I probably didn't mention it, but will see my oncologist every 3 months for next 2 years then every 6 months for 3 more. My next visit is in early June. I don't recall the exact date. I am sending my thoughts and prayers to you on your upcoming visit.
I hope it is okay that I referred to you as a friend, because I feel like you are.
Ps. I am sure you are nervous. This whole ordeal is scary. I don't know about you, but I like to be in charge. This ordeal has knocked me off feet in more ways than one.
@cmb2022. Yes, there are days I feel alone too. I'm glad to hear you are getting better sleep.
Yesterday I received a phone call from Mayo Clinic. I couldn't answer the phone right away but when I saw the area code and realized it was Mayo I became very nervous and couldn't concentrate until I listened to the message. It was a phone call to change an appointment. I became anxious because it was late October last year when I got the phone call about the recurrence. While I'm grateful that I have good health insurance that allows me to to be seen at Mayo and for all the care I have received it doesn't mediate the anxiety I feel about being a cancer survivor. The anxiety is there and I continue to work on acceptance. There is a saying that is meaningful to me. "When you argue with reality, you lose.." Are you familiar with radical acceptance? That's what I mean by acceptance. Not that I'm giving up or hopelessness sort of acceptance. It's a way to view reality for what it is, not that I have to like it or agree with it, but not fighting with it. It's a challenge for me because like you I"m a take charge person. I can help to direct my cancer care but I can't take charge of reality.
Your cancer survivorship plan is like mine. Every 3 months for 2 years and then every 6 months for the next 3 years. My take charge personality means that I will show up at all of my appointments and do whatever the cancer care team advises.
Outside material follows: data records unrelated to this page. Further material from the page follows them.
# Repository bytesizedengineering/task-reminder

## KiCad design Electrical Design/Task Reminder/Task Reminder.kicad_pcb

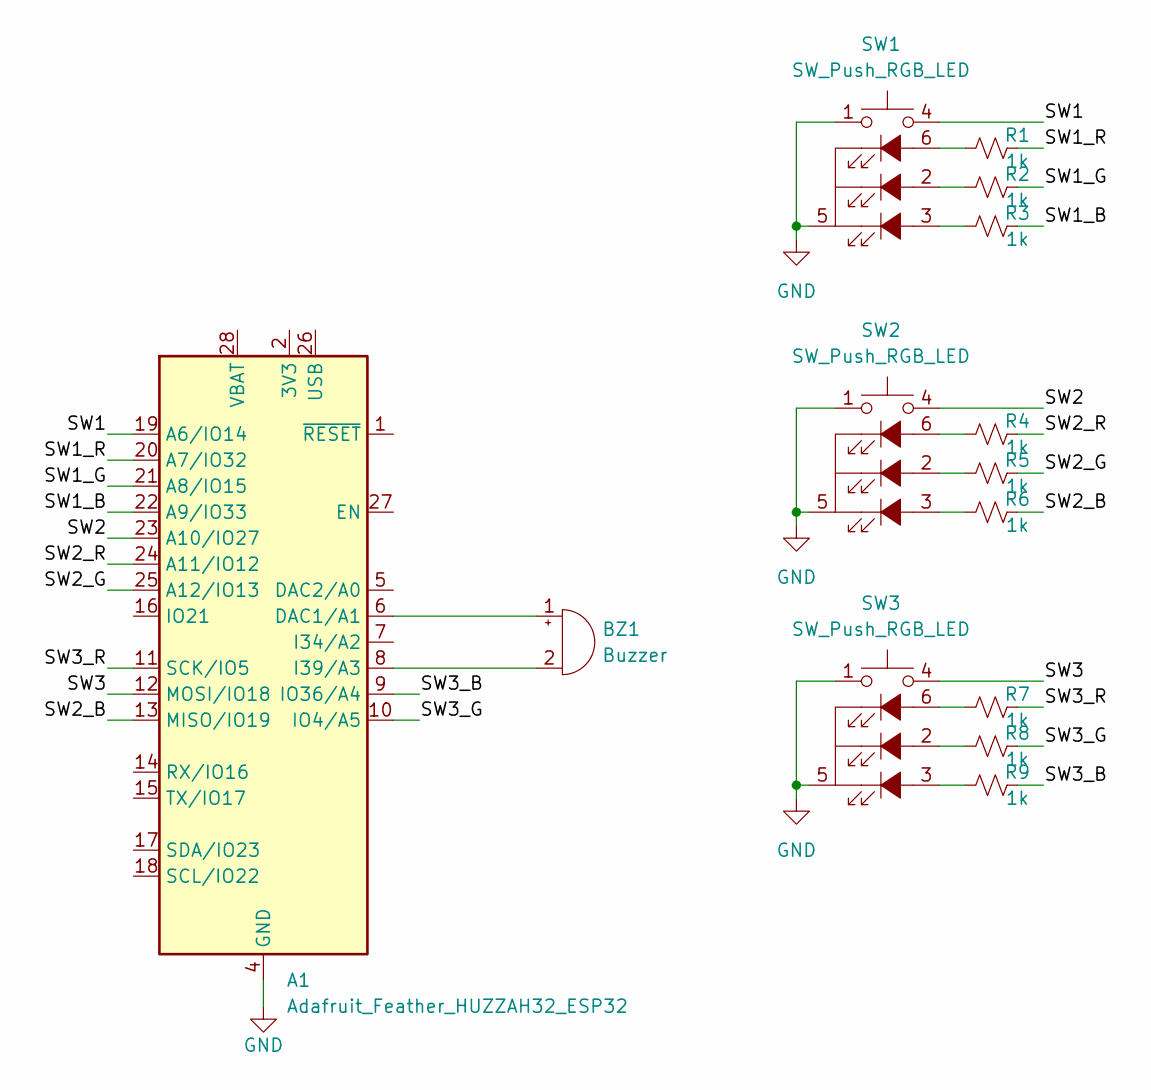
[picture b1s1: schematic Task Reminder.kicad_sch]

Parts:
A1: Adafruit_Feather_HUZZAH32_ESP32; Adafruit_Feather
BZ1: Buzzer; Buzzer_Murata_PKMCS0909E
R1, R2, R3, R4, R5, R6, R7, R8, R9: 1k; R_0805_2012Metric
SW1, SW2, SW3: SW_Push_RGB_LED; Push_BH16NBBBRGB

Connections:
/SW1: A1.19 (A6/IO14), SW1.4
/SW1_B: A1.22 (A9/IO33), R3.2
/SW1_G: A1.21 (A8/IO15), R2.2
/SW1_R: A1.20 (A7/IO32), R1.2
/SW2: A1.23 (A10/IO27), SW2.4
/SW2_B: A1.13 (MISO/IO19), R6.2
/SW2_G: A1.25 (A12/IO13), R5.2
/SW2_R: A1.24 (A11/IO12), R4.2
/SW3: A1.12 (MOSI/IO18), SW3.4
/SW3_B: A1.9 (IO36/A4), R9.2
/SW3_G: A1.10 (IO4/A5), R8.2
/SW3_R: A1.11 (SCK/IO5), R7.2
GND: A1.4 (GND), SW1.1, SW1.5 (C), SW2.1, SW2.5 (C), SW3.1, SW3.5 (C)
unnamed: A1.6 (DAC1/A1), BZ1.1 (-)
unnamed: A1.8 (I39/A3), BZ1.2 (+)
unnamed: R3.1, SW1.3 (B)
unnamed: R2.1, SW1.2 (G)
unnamed: R1.1, SW1.6 (R)
unnamed: R6.1, SW2.3 (B)
unnamed: R5.1, SW2.2 (G)
unnamed: R4.1, SW2.6 (R)
unnamed: R9.1, SW3.3 (B)
unnamed: R8.1, SW3.2 (G)
unnamed: R7.1, SW3.6 (R)

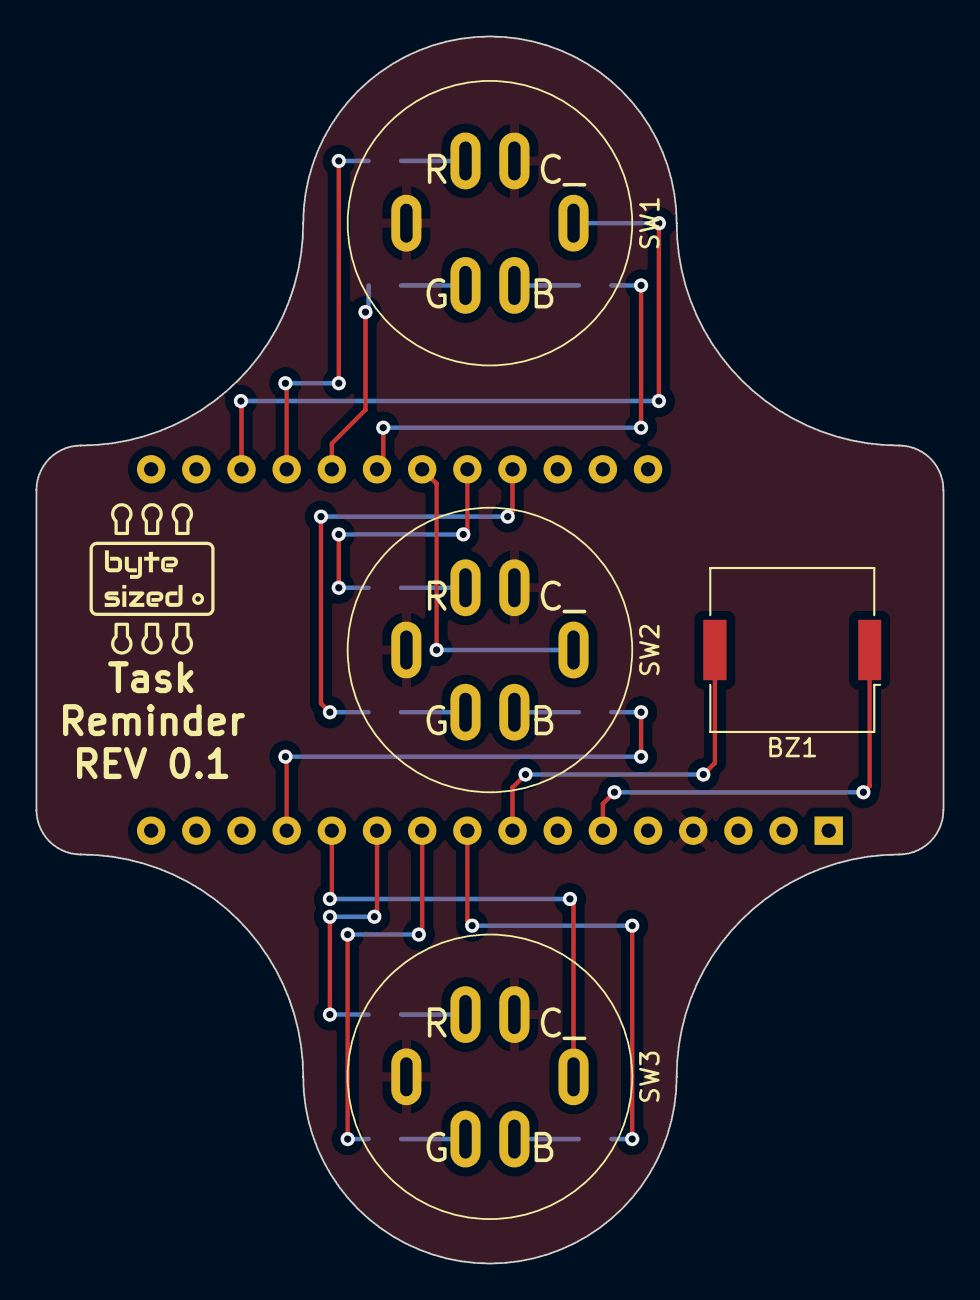
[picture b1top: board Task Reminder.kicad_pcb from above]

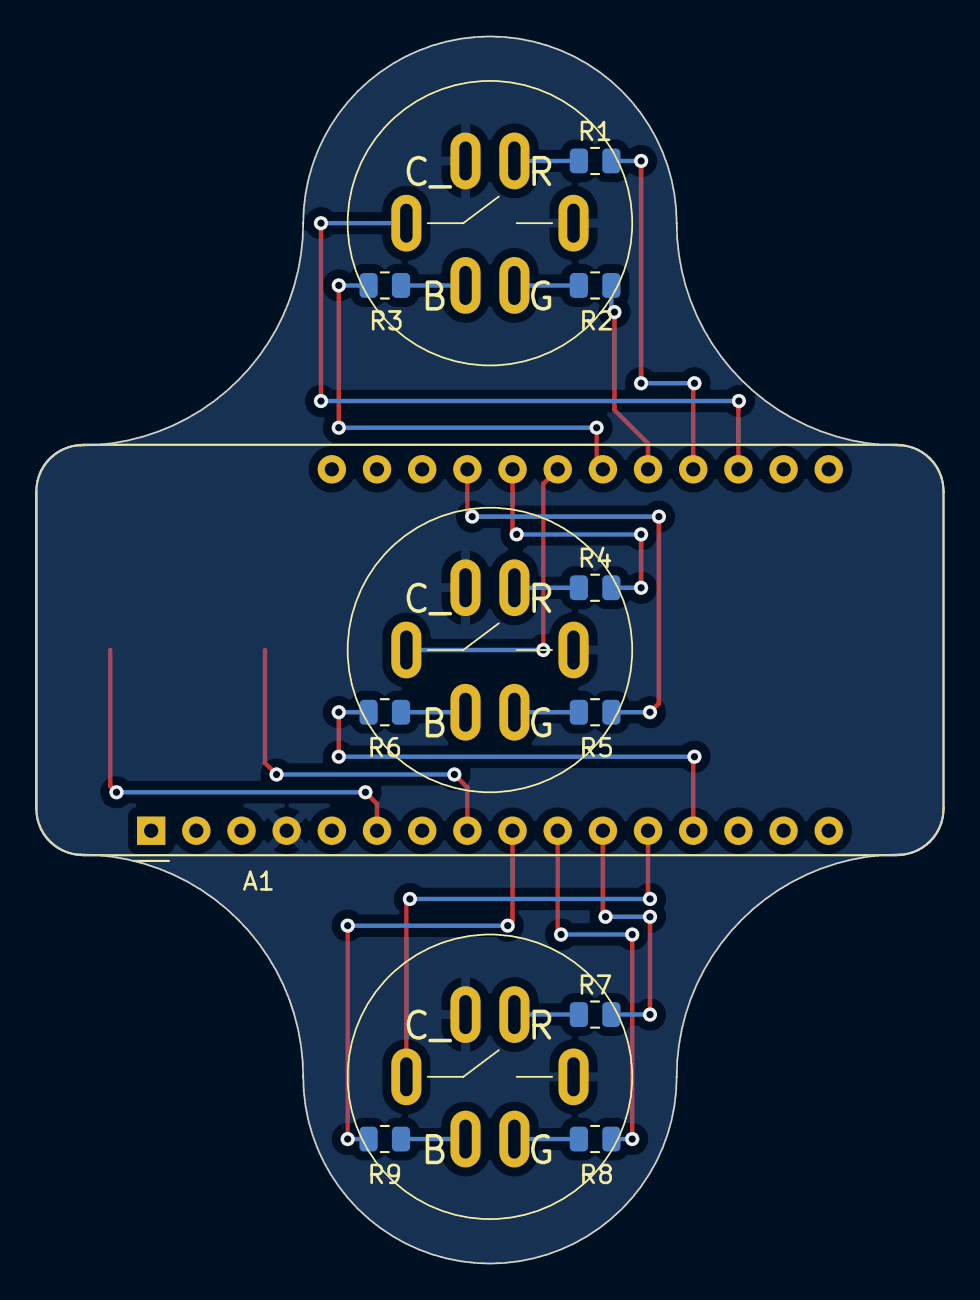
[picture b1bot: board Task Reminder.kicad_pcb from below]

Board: 2 copper layers, 51.0 x 69.0 mm, 14 parts (10 on the bottom side), 24 nets.

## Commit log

2024-03-05 changed revision
    changed revision from B to 0.1 in mechanical design file names

Your next appointment is not long after mine so I'll be sending you positive energy now and as the appointment time comes closer.
And yes, of course it's okay that you refer to me as a friend. I feel the same about you as we are partners in this cancer thing and have shared so much here.
@naturegirl5 , For me it is hard to share my feelings with my friends and family. While they are supportive, they don't seem to grasp that it wasn't just surgery, recovery and done. If I am honest I never realized that prior to my diagnosis either. I don't want to dwell on this, but it is hard not to
I understand your anxiousness from the phone call. I have always been nervous and anxious at medical appointments and I really don't know why.
I was not familiar with "radical acceptance", but that is a fair way to look at the reality. Life is so confusing and down right hard isn't it?
I will do as my doctors' advise too. I had always been healthy prior to this and hadn't required a lot of follow up and frankly tried to avoid unnecessary visits but definitely went when I needed to.
Thank you for sending positive energy for my appointment. I will be honest I am nervous about it. I meant to ask,, but was preoccupied as we covered many issues in just a short period of time. I feel less anxious with these things if I know ahead of time what to expect.
Thank you for being so supportive. I can't imagine how many lives you have changed! I know how grateful I am to have connected here.